(Source records)
----------

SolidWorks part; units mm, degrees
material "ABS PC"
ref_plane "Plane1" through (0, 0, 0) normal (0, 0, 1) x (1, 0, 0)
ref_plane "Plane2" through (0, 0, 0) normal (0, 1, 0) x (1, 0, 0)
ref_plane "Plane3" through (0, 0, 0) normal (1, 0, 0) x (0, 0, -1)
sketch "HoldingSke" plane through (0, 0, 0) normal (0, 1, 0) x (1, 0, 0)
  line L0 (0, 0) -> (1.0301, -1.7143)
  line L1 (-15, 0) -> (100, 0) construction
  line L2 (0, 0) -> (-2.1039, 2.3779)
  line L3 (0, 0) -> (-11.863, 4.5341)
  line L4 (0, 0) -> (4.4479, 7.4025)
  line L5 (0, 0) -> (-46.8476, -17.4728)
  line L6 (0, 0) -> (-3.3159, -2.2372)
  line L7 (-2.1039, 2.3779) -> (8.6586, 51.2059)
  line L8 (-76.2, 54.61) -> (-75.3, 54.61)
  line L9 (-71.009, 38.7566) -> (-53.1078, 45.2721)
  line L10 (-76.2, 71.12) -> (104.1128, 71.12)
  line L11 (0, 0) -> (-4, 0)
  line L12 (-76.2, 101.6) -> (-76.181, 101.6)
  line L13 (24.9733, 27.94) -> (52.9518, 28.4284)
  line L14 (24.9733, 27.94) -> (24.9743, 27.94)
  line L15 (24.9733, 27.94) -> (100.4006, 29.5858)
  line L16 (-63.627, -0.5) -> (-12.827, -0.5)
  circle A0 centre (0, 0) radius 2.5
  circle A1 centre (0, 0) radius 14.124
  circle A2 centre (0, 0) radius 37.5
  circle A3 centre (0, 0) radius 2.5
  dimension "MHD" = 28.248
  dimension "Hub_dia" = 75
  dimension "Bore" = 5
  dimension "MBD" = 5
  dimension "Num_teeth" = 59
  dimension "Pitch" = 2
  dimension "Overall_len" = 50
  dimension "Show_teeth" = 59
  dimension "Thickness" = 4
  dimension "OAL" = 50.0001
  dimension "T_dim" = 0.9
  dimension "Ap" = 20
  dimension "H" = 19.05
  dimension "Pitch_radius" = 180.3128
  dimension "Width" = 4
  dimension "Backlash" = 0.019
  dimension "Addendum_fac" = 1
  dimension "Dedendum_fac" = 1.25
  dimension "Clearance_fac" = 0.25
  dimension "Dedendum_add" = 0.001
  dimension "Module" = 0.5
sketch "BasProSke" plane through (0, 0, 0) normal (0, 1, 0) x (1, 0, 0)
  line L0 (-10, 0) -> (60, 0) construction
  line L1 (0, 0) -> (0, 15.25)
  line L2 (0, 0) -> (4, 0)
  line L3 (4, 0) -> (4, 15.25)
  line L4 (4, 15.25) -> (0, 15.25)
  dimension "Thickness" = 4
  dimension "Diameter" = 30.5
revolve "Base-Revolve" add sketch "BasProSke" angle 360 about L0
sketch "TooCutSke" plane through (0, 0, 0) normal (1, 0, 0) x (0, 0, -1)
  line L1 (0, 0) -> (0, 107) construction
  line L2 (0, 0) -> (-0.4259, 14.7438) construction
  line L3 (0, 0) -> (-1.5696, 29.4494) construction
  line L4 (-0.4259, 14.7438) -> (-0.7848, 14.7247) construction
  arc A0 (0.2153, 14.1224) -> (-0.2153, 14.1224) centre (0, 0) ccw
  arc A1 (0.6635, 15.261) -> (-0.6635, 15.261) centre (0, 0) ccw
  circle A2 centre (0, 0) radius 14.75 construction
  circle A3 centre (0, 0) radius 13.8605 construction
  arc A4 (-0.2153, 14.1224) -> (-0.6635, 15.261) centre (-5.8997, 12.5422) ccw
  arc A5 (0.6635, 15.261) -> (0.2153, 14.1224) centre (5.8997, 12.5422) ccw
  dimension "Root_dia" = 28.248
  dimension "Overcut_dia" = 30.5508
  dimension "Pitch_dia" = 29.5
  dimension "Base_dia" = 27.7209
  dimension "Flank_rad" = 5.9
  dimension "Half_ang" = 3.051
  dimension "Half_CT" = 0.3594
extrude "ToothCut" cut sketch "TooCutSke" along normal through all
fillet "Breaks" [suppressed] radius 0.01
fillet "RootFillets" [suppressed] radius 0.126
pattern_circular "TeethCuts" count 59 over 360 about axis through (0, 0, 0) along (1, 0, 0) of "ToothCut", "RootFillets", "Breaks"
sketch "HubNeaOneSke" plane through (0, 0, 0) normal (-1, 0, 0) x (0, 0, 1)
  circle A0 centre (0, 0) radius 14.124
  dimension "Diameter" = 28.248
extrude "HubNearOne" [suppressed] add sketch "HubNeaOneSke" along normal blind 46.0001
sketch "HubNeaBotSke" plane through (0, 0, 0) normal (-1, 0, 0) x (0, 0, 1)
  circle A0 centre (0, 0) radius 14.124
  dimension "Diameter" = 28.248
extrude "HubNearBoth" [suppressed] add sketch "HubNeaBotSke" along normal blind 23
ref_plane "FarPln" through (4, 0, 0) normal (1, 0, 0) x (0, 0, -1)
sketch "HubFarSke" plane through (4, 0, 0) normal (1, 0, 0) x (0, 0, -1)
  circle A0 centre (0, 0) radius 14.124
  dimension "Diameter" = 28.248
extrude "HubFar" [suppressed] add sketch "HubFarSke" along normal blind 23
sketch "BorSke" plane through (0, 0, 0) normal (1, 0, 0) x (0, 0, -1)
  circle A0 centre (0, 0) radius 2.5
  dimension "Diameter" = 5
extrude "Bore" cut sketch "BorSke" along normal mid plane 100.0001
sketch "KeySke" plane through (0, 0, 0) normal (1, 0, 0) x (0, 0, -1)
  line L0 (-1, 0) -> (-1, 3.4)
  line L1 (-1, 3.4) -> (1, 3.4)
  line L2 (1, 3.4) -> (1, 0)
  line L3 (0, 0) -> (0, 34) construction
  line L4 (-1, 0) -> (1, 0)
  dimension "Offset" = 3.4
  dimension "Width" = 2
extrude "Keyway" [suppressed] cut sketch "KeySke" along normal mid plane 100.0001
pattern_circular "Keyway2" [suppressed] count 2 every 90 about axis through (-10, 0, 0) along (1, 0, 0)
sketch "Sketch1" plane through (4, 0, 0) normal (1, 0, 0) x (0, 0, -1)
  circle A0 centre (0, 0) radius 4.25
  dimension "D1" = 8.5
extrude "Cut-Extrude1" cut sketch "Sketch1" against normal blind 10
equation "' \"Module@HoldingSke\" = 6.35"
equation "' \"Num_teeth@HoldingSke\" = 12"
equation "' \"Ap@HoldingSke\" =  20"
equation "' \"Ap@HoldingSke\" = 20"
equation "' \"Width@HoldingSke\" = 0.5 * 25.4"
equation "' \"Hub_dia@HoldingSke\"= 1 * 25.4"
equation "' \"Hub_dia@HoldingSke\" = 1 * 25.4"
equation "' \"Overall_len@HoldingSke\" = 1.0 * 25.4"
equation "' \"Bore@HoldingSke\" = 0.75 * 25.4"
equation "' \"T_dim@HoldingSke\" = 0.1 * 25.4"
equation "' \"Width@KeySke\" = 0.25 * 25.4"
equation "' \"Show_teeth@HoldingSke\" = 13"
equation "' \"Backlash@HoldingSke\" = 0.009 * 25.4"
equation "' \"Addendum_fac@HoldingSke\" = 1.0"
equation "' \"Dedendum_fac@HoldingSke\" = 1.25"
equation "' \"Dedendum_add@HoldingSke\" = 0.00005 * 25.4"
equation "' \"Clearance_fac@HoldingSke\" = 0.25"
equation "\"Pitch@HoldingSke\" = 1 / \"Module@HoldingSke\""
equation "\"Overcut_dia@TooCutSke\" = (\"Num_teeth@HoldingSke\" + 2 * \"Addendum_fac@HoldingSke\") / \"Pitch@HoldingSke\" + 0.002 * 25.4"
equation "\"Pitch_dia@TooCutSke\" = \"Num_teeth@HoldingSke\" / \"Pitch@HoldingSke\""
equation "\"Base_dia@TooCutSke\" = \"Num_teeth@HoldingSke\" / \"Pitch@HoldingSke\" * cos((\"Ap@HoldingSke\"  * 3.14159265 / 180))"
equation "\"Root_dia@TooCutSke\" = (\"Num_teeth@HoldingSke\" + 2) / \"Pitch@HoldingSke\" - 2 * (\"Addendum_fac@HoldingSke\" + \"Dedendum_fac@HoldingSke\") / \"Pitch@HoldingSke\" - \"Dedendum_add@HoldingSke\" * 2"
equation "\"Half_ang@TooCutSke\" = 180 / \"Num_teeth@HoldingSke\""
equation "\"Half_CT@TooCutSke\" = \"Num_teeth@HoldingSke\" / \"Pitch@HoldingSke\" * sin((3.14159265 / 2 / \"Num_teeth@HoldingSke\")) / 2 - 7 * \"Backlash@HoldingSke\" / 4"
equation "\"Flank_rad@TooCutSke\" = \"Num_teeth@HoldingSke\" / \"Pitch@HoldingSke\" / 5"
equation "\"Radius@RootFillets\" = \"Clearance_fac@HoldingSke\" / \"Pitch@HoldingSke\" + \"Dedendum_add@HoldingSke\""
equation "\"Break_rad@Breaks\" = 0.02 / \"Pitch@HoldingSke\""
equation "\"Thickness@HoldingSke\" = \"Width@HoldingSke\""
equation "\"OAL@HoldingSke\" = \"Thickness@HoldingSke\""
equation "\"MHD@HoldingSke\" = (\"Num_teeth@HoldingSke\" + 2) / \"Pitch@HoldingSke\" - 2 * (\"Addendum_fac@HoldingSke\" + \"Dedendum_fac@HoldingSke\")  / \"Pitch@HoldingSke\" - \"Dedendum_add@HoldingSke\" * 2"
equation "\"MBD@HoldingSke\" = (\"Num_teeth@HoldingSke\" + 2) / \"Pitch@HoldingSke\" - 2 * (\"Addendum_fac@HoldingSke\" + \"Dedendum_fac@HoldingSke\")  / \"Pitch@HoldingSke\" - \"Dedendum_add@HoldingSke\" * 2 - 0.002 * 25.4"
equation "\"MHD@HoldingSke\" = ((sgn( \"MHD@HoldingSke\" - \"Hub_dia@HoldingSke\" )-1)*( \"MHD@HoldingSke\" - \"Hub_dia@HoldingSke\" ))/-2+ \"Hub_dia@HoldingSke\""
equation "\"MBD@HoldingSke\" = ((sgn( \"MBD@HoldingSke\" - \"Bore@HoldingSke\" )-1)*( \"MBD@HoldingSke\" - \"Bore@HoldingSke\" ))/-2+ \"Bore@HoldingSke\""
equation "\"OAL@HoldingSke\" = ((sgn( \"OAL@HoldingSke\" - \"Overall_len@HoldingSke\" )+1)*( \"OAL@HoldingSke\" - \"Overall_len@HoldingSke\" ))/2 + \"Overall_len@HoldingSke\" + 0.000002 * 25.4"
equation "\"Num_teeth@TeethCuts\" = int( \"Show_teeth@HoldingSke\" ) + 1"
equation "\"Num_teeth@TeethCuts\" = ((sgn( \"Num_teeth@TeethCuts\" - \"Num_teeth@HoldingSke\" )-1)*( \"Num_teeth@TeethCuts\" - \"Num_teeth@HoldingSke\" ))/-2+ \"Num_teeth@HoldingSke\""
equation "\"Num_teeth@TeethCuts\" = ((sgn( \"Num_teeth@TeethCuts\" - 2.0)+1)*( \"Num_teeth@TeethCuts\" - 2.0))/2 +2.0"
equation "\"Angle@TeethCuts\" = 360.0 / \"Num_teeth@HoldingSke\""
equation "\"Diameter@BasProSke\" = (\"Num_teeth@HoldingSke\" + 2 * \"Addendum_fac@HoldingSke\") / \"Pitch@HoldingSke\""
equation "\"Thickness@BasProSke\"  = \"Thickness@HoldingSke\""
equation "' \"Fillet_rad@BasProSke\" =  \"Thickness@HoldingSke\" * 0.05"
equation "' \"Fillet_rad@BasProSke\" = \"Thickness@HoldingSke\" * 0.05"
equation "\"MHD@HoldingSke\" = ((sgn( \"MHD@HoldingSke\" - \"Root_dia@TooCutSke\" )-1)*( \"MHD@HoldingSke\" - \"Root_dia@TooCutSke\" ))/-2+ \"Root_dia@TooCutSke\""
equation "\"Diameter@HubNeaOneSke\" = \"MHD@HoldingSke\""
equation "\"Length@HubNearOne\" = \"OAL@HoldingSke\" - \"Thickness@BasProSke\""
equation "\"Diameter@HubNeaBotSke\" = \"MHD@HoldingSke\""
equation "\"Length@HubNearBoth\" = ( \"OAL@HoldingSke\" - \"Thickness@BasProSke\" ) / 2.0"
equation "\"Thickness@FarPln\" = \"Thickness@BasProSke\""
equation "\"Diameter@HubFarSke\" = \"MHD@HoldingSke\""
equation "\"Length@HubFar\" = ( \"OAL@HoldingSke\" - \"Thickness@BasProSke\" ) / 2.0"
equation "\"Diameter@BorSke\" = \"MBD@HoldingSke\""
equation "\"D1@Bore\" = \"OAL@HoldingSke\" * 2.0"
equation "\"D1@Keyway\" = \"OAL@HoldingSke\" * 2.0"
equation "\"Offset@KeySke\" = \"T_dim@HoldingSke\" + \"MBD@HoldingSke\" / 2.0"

----------

**What is being asked:** Above are some records; copy exactly the lines from the one with "line L1 (-15, 0) -> (100, 0) construction" through the one with "line L9 (-71.009, 38.7566)", both included, and no others.

**Response box:**
  line L1 (-15, 0) -> (100, 0) construction
  line L2 (0, 0) -> (-2.1039, 2.3779)
  line L3 (0, 0) -> (-11.863, 4.5341)
  line L4 (0, 0) -> (4.4479, 7.4025)
  line L5 (0, 0) -> (-46.8476, -17.4728)
  line L6 (0, 0) -> (-3.3159, -2.2372)
  line L7 (-2.1039, 2.3779) -> (8.6586, 51.2059)
  line L8 (-76.2, 54.61) -> (-75.3, 54.61)
  line L9 (-71.009, 38.7566) -> (-53.1078, 45.2721)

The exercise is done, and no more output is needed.